● **Task details**: Every record below needs to be written out exactly, apart from the pictures.

Stored records
--------------------------------------------------
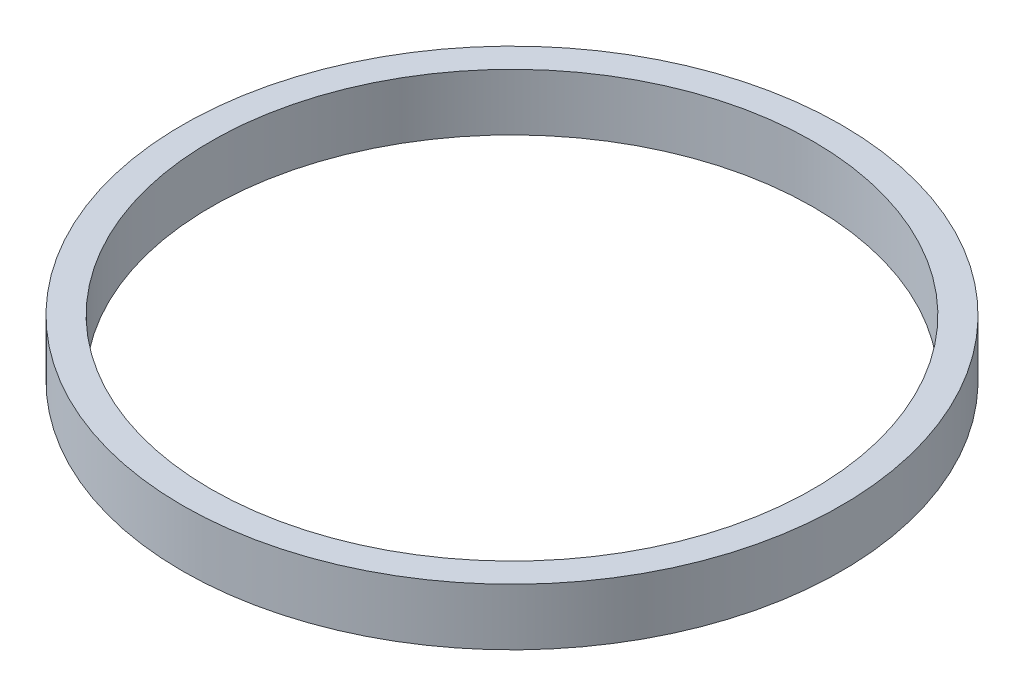
ISO-10303-21;
HEADER;
FILE_DESCRIPTION(('STEP AP214'),'2;1');
FILE_NAME('part.step','',(''),(''),'','','');
FILE_SCHEMA(('AUTOMOTIVE_DESIGN { 1 0 10303 214 1 1 1 1 }'));
ENDSEC;
DATA;
#1=APPLICATION_CONTEXT('core data for automotive mechanical design processes');
#2=APPLICATION_PROTOCOL_DEFINITION('international standard','automotive_design',2000,#1);
#3=PRODUCT_CONTEXT('',#1,'mechanical');
#4=PRODUCT('Part','Part','',(#3));
#5=PRODUCT_RELATED_PRODUCT_CATEGORY('part','',(#4));
#6=PRODUCT_DEFINITION_FORMATION('','',#4);
#7=PRODUCT_DEFINITION_CONTEXT('part definition',#1,'design');
#8=PRODUCT_DEFINITION('design','',#6,#7);
#9=PRODUCT_DEFINITION_SHAPE('','',#8);
#10=(LENGTH_UNIT() NAMED_UNIT(*) SI_UNIT(.MILLI.,.METRE.));
#11=(NAMED_UNIT(*) PLANE_ANGLE_UNIT() SI_UNIT($,.RADIAN.));
#12=(NAMED_UNIT(*) SI_UNIT($,.STERADIAN.) SOLID_ANGLE_UNIT());
#13=UNCERTAINTY_MEASURE_WITH_UNIT(LENGTH_MEASURE(1.E-05),#10,'distance_accuracy_value','');
#14=(GEOMETRIC_REPRESENTATION_CONTEXT(3) GLOBAL_UNCERTAINTY_ASSIGNED_CONTEXT((#13)) GLOBAL_UNIT_ASSIGNED_CONTEXT((#10,
#11,#12)) REPRESENTATION_CONTEXT('',''));
#15=CARTESIAN_POINT('',(0.,0.,0.));
#16=DIRECTION('',(0.,0.,1.));
#17=DIRECTION('',(1.,0.,0.));
#18=AXIS2_PLACEMENT_3D('',#15,#16,#17);
#19=CARTESIAN_POINT('',(0.,5.,0.));
#20=DIRECTION('',(0.,1.,0.));
#21=DIRECTION('',(0.,0.,1.));
#22=AXIS2_PLACEMENT_3D('',#19,#20,#21);
#23=PLANE('',#22);
#24=CARTESIAN_POINT('',(0.,5.,0.));
#25=DIRECTION('',(0.,1.,0.));
#26=DIRECTION('',(0.,0.,1.));
#27=AXIS2_PLACEMENT_3D('',#24,#25,#26);
#28=CIRCLE('',#27,29.);
#29=CARTESIAN_POINT('',(0.,5.,29.));
#30=VERTEX_POINT('',#29);
#31=EDGE_CURVE('E10',#30,#30,#28,.T.);
#32=ORIENTED_EDGE('',*,*,#31,.T.);
#33=EDGE_LOOP('',(#32));
#34=FACE_BOUND('',#33,.T.);
#35=CARTESIAN_POINT('',(0.,5.,0.));
#36=DIRECTION('',(0.,1.,0.));
#37=DIRECTION('',(0.,0.,1.));
#38=AXIS2_PLACEMENT_3D('',#35,#36,#37);
#39=CIRCLE('',#38,26.5);
#40=CARTESIAN_POINT('',(0.,5.,26.5));
#41=VERTEX_POINT('',#40);
#42=EDGE_CURVE('E46',#41,#41,#39,.T.);
#43=ORIENTED_EDGE('',*,*,#42,.F.);
#44=EDGE_LOOP('',(#43));
#45=FACE_BOUND('',#44,.T.);
#46=ADVANCED_FACE('F35',(#34,#45),#23,.T.);
#47=CARTESIAN_POINT('',(0.,0.,0.));
#48=DIRECTION('',(0.,1.,0.));
#49=DIRECTION('',(0.,0.,1.));
#50=AXIS2_PLACEMENT_3D('',#47,#48,#49);
#51=PLANE('',#50);
#52=CARTESIAN_POINT('',(0.,0.,0.));
#53=DIRECTION('',(0.,1.,0.));
#54=DIRECTION('',(0.,0.,1.));
#55=AXIS2_PLACEMENT_3D('',#52,#53,#54);
#56=CIRCLE('',#55,29.);
#57=CARTESIAN_POINT('',(0.,0.,29.));
#58=VERTEX_POINT('',#57);
#59=EDGE_CURVE('E39',#58,#58,#56,.T.);
#60=ORIENTED_EDGE('',*,*,#59,.F.);
#61=EDGE_LOOP('',(#60));
#62=FACE_BOUND('',#61,.T.);
#63=CARTESIAN_POINT('',(0.,0.,0.));
#64=DIRECTION('',(0.,1.,0.));
#65=DIRECTION('',(0.,0.,1.));
#66=AXIS2_PLACEMENT_3D('',#63,#64,#65);
#67=CIRCLE('',#66,26.5);
#68=CARTESIAN_POINT('',(0.,0.,26.5));
#69=VERTEX_POINT('',#68);
#70=EDGE_CURVE('E48',#69,#69,#67,.T.);
#71=ORIENTED_EDGE('',*,*,#70,.T.);
#72=EDGE_LOOP('',(#71));
#73=FACE_BOUND('',#72,.T.);
#74=ADVANCED_FACE('F58',(#62,#73),#51,.F.);
#75=CARTESIAN_POINT('',(0.,5.,0.));
#76=DIRECTION('',(0.,-1.,0.));
#77=DIRECTION('',(0.,0.,-1.));
#78=AXIS2_PLACEMENT_3D('',#75,#76,#77);
#79=CYLINDRICAL_SURFACE('',#78,29.);
#80=ORIENTED_EDGE('',*,*,#31,.F.);
#81=EDGE_LOOP('',(#80));
#82=FACE_BOUND('',#81,.T.);
#83=ORIENTED_EDGE('',*,*,#59,.T.);
#84=EDGE_LOOP('',(#83));
#85=FACE_BOUND('',#84,.T.);
#86=ADVANCED_FACE('F37',(#82,#85),#79,.T.);
#87=CARTESIAN_POINT('',(0.,5.,0.));
#88=DIRECTION('',(0.,-1.,0.));
#89=DIRECTION('',(0.,0.,-1.));
#90=AXIS2_PLACEMENT_3D('',#87,#88,#89);
#91=CYLINDRICAL_SURFACE('',#90,26.5);
#92=ORIENTED_EDGE('',*,*,#42,.T.);
#93=EDGE_LOOP('',(#92));
#94=FACE_BOUND('',#93,.T.);
#95=ORIENTED_EDGE('',*,*,#70,.F.);
#96=EDGE_LOOP('',(#95));
#97=FACE_BOUND('',#96,.T.);
#98=ADVANCED_FACE('F54',(#94,#97),#91,.F.);
#99=CLOSED_SHELL('',(#46,#74,#86,#98));
#100=MANIFOLD_SOLID_BREP('B2',#99);
#101=ADVANCED_BREP_SHAPE_REPRESENTATION('',(#18,#100),#14);
#102=SHAPE_DEFINITION_REPRESENTATION(#9,#101);
ENDSEC;
END-ISO-10303-21;
--------------------------------------------------
● **Solution for this task**:
ISO-10303-21;
HEADER;
FILE_DESCRIPTION(('STEP AP214'),'2;1');
FILE_NAME('part.step','',(''),(''),'','','');
FILE_SCHEMA(('AUTOMOTIVE_DESIGN { 1 0 10303 214 1 1 1 1 }'));
ENDSEC;
DATA;
#1=APPLICATION_CONTEXT('core data for automotive mechanical design processes');
#2=APPLICATION_PROTOCOL_DEFINITION('international standard','automotive_design',2000,#1);
#3=PRODUCT_CONTEXT('',#1,'mechanical');
#4=PRODUCT('Part','Part','',(#3));
#5=PRODUCT_RELATED_PRODUCT_CATEGORY('part','',(#4));
#6=PRODUCT_DEFINITION_FORMATION('','',#4);
#7=PRODUCT_DEFINITION_CONTEXT('part definition',#1,'design');
#8=PRODUCT_DEFINITION('design','',#6,#7);
#9=PRODUCT_DEFINITION_SHAPE('','',#8);
#10=(LENGTH_UNIT() NAMED_UNIT(*) SI_UNIT(.MILLI.,.METRE.));
#11=(NAMED_UNIT(*) PLANE_ANGLE_UNIT() SI_UNIT($,.RADIAN.));
#12=(NAMED_UNIT(*) SI_UNIT($,.STERADIAN.) SOLID_ANGLE_UNIT());
#13=UNCERTAINTY_MEASURE_WITH_UNIT(LENGTH_MEASURE(1.E-05),#10,'distance_accuracy_value','');
#14=(GEOMETRIC_REPRESENTATION_CONTEXT(3) GLOBAL_UNCERTAINTY_ASSIGNED_CONTEXT((#13)) GLOBAL_UNIT_ASSIGNED_CONTEXT((#10,
#11,#12)) REPRESENTATION_CONTEXT('',''));
#15=CARTESIAN_POINT('',(0.,0.,0.));
#16=DIRECTION('',(0.,0.,1.));
#17=DIRECTION('',(1.,0.,0.));
#18=AXIS2_PLACEMENT_3D('',#15,#16,#17);
#19=CARTESIAN_POINT('',(0.,5.,0.));
#20=DIRECTION('',(0.,1.,0.));
#21=DIRECTION('',(0.,0.,1.));
#22=AXIS2_PLACEMENT_3D('',#19,#20,#21);
#23=PLANE('',#22);
#24=CARTESIAN_POINT('',(0.,5.,0.));
#25=DIRECTION('',(0.,1.,0.));
#26=DIRECTION('',(0.,0.,1.));
#27=AXIS2_PLACEMENT_3D('',#24,#25,#26);
#28=CIRCLE('',#27,29.);
#29=CARTESIAN_POINT('',(0.,5.,29.));
#30=VERTEX_POINT('',#29);
#31=EDGE_CURVE('E10',#30,#30,#28,.T.);
#32=ORIENTED_EDGE('',*,*,#31,.T.);
#33=EDGE_LOOP('',(#32));
#34=FACE_BOUND('',#33,.T.);
#35=CARTESIAN_POINT('',(0.,5.,0.));
#36=DIRECTION('',(0.,1.,0.));
#37=DIRECTION('',(0.,0.,1.));
#38=AXIS2_PLACEMENT_3D('',#35,#36,#37);
#39=CIRCLE('',#38,26.5);
#40=CARTESIAN_POINT('',(0.,5.,26.5));
#41=VERTEX_POINT('',#40);
#42=EDGE_CURVE('E46',#41,#41,#39,.T.);
#43=ORIENTED_EDGE('',*,*,#42,.F.);
#44=EDGE_LOOP('',(#43));
#45=FACE_BOUND('',#44,.T.);
#46=ADVANCED_FACE('F35',(#34,#45),#23,.T.);
#47=CARTESIAN_POINT('',(0.,0.,0.));
#48=DIRECTION('',(0.,1.,0.));
#49=DIRECTION('',(0.,0.,1.));
#50=AXIS2_PLACEMENT_3D('',#47,#48,#49);
#51=PLANE('',#50);
#52=CARTESIAN_POINT('',(0.,0.,0.));
#53=DIRECTION('',(0.,1.,0.));
#54=DIRECTION('',(0.,0.,1.));
#55=AXIS2_PLACEMENT_3D('',#52,#53,#54);
#56=CIRCLE('',#55,29.);
#57=CARTESIAN_POINT('',(0.,0.,29.));
#58=VERTEX_POINT('',#57);
#59=EDGE_CURVE('E39',#58,#58,#56,.T.);
#60=ORIENTED_EDGE('',*,*,#59,.F.);
#61=EDGE_LOOP('',(#60));
#62=FACE_BOUND('',#61,.T.);
#63=CARTESIAN_POINT('',(0.,0.,0.));
#64=DIRECTION('',(0.,1.,0.));
#65=DIRECTION('',(0.,0.,1.));
#66=AXIS2_PLACEMENT_3D('',#63,#64,#65);
#67=CIRCLE('',#66,26.5);
#68=CARTESIAN_POINT('',(0.,0.,26.5));
#69=VERTEX_POINT('',#68);
#70=EDGE_CURVE('E48',#69,#69,#67,.T.);
#71=ORIENTED_EDGE('',*,*,#70,.T.);
#72=EDGE_LOOP('',(#71));
#73=FACE_BOUND('',#72,.T.);
#74=ADVANCED_FACE('F58',(#62,#73),#51,.F.);
#75=CARTESIAN_POINT('',(0.,5.,0.));
#76=DIRECTION('',(0.,-1.,0.));
#77=DIRECTION('',(0.,0.,-1.));
#78=AXIS2_PLACEMENT_3D('',#75,#76,#77);
#79=CYLINDRICAL_SURFACE('',#78,29.);
#80=ORIENTED_EDGE('',*,*,#31,.F.);
#81=EDGE_LOOP('',(#80));
#82=FACE_BOUND('',#81,.T.);
#83=ORIENTED_EDGE('',*,*,#59,.T.);
#84=EDGE_LOOP('',(#83));
#85=FACE_BOUND('',#84,.T.);
#86=ADVANCED_FACE('F37',(#82,#85),#79,.T.);
#87=CARTESIAN_POINT('',(0.,5.,0.));
#88=DIRECTION('',(0.,-1.,0.));
#89=DIRECTION('',(0.,0.,-1.));
#90=AXIS2_PLACEMENT_3D('',#87,#88,#89);
#91=CYLINDRICAL_SURFACE('',#90,26.5);
#92=ORIENTED_EDGE('',*,*,#42,.T.);
#93=EDGE_LOOP('',(#92));
#94=FACE_BOUND('',#93,.T.);
#95=ORIENTED_EDGE('',*,*,#70,.F.);
#96=EDGE_LOOP('',(#95));
#97=FACE_BOUND('',#96,.T.);
#98=ADVANCED_FACE('F54',(#94,#97),#91,.F.);
#99=CLOSED_SHELL('',(#46,#74,#86,#98));
#100=MANIFOLD_SOLID_BREP('B2',#99);
#101=ADVANCED_BREP_SHAPE_REPRESENTATION('',(#18,#100),#14);
#102=SHAPE_DEFINITION_REPRESENTATION(#9,#101);
ENDSEC;
END-ISO-10303-21;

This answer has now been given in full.